__Records supplied__.
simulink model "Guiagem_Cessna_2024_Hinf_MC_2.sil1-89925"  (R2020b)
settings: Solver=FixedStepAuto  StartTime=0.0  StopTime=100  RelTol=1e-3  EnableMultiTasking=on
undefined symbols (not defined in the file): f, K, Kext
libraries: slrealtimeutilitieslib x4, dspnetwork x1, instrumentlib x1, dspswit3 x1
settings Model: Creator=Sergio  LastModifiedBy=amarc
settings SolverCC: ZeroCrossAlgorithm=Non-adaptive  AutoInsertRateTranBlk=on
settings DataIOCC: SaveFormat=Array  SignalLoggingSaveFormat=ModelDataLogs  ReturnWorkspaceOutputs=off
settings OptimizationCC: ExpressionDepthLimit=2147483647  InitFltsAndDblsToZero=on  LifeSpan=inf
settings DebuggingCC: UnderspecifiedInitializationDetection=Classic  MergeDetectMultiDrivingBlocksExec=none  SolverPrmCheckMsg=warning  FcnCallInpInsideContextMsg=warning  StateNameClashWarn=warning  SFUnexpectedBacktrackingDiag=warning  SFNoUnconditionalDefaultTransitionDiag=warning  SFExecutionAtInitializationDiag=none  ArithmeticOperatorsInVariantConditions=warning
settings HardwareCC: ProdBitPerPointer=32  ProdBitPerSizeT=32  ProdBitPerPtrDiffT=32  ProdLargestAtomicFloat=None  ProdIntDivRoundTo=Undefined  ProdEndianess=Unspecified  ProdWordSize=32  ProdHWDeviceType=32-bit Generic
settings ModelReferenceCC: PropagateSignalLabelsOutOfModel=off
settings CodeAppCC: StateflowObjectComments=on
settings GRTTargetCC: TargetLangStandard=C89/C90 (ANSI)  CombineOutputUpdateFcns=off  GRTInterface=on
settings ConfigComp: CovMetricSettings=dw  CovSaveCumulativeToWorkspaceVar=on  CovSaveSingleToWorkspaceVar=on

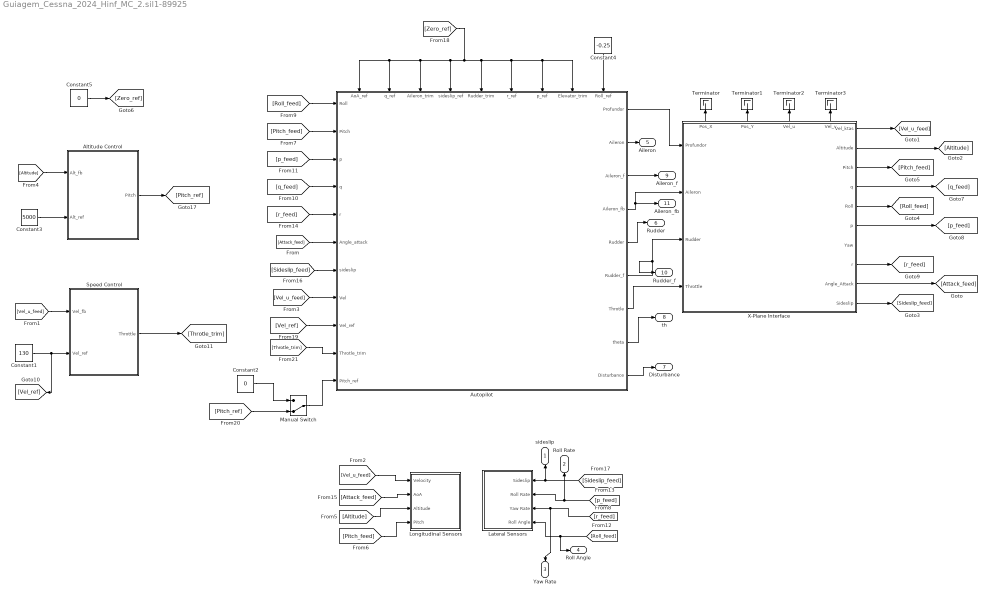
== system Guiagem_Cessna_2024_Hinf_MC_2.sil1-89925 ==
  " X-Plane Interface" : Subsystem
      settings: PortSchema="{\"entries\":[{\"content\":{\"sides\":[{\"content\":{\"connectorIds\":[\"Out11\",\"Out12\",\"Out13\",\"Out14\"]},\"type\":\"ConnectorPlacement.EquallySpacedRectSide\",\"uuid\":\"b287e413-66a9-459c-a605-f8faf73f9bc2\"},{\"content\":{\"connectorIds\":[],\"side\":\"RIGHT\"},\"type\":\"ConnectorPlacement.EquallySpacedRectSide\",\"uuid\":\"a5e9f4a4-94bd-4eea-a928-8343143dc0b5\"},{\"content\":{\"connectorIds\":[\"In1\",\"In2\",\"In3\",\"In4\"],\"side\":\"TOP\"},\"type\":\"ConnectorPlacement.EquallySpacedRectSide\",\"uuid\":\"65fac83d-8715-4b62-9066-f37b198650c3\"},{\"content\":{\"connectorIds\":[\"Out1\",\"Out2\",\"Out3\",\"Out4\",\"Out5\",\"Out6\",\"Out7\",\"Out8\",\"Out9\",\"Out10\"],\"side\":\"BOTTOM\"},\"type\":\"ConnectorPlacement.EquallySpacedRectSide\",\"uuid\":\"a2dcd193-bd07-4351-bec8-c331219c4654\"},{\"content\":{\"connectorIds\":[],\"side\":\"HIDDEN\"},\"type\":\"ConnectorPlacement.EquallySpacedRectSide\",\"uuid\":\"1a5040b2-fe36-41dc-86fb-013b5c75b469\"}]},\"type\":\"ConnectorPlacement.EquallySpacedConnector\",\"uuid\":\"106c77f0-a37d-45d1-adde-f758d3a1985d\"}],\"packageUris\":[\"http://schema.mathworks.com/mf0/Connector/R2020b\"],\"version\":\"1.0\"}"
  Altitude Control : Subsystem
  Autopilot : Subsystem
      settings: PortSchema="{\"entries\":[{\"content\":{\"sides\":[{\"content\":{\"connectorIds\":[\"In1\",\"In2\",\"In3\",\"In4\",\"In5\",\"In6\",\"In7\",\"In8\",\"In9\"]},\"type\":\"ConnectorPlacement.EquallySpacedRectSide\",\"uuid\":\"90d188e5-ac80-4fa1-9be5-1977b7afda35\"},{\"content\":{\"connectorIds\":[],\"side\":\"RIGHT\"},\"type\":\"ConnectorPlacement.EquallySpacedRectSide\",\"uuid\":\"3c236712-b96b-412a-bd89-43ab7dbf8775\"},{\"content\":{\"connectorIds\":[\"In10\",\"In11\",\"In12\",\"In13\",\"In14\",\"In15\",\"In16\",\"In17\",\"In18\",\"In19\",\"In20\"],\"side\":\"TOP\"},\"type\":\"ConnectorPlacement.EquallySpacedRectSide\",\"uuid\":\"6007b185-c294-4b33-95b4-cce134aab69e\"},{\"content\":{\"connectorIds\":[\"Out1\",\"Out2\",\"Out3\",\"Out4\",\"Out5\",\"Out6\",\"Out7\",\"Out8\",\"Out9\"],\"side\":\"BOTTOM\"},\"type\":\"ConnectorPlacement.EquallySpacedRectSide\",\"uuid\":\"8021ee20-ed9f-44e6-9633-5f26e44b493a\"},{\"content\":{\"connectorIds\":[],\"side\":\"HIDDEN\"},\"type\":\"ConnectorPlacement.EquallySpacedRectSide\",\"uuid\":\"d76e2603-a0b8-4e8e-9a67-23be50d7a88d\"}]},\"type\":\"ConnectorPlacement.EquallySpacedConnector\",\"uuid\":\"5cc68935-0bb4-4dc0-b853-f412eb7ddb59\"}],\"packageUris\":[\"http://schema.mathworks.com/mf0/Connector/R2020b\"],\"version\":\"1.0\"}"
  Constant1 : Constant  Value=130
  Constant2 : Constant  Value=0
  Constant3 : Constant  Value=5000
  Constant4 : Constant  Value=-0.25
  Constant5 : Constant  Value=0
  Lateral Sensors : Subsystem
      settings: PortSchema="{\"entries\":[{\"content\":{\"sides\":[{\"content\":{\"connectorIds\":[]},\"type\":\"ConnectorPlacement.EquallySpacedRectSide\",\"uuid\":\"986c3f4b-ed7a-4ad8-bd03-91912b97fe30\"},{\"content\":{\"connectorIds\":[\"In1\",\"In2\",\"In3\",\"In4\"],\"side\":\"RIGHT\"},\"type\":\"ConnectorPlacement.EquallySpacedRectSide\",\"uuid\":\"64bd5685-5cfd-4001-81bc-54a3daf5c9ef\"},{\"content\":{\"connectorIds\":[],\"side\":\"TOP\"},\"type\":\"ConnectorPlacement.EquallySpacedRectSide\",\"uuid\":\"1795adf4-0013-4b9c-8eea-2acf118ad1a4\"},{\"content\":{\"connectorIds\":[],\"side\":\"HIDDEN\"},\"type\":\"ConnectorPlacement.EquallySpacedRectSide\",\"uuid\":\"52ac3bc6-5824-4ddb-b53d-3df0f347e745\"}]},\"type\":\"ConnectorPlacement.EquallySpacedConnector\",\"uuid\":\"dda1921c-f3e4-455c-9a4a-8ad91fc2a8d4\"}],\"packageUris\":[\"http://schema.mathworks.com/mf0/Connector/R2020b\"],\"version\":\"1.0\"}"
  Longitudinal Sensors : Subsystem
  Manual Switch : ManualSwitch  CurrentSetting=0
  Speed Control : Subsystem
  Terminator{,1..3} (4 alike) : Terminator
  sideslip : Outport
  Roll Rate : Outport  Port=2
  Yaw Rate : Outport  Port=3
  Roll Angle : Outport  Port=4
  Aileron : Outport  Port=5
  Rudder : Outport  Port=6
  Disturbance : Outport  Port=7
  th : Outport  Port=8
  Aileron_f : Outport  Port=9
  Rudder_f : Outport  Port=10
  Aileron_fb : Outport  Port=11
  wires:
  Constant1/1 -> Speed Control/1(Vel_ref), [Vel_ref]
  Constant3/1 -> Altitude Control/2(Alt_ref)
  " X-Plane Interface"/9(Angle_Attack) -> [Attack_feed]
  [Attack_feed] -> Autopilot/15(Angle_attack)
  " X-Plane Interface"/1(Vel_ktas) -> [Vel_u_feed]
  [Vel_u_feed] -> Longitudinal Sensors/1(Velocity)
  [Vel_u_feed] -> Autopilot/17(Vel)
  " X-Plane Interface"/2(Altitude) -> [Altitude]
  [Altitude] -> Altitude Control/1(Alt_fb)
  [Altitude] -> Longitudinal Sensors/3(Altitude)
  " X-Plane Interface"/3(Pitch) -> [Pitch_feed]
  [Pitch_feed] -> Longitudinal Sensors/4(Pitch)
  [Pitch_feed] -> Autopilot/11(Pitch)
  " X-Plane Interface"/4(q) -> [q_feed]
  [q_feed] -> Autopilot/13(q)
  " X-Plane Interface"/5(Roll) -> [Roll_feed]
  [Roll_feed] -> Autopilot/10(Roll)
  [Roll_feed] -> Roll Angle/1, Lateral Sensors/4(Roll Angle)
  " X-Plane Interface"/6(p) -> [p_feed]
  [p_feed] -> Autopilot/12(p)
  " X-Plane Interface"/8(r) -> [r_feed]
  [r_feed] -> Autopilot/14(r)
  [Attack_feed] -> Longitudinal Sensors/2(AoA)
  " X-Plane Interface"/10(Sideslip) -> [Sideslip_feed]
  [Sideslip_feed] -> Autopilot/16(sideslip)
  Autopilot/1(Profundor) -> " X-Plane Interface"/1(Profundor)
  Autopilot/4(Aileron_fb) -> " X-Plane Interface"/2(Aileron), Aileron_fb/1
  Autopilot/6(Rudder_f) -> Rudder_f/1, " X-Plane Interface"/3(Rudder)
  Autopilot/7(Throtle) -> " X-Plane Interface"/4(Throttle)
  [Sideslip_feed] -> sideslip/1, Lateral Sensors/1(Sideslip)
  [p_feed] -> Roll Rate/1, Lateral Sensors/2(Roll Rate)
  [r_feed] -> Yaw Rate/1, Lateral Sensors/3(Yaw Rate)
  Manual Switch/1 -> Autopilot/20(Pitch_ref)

__What the task asks__.
All lines with the word "Roll" need to be copied from the data above.

__Exercise output__.
  Roll Rate : Outport  Port=2
  Roll Angle : Outport  Port=4
  " X-Plane Interface"/5(Roll) -> [Roll_feed]
  [Roll_feed] -> Autopilot/10(Roll)
  [Roll_feed] -> Roll Angle/1, Lateral Sensors/4(Roll Angle)
  [p_feed] -> Roll Rate/1, Lateral Sensors/2(Roll Rate)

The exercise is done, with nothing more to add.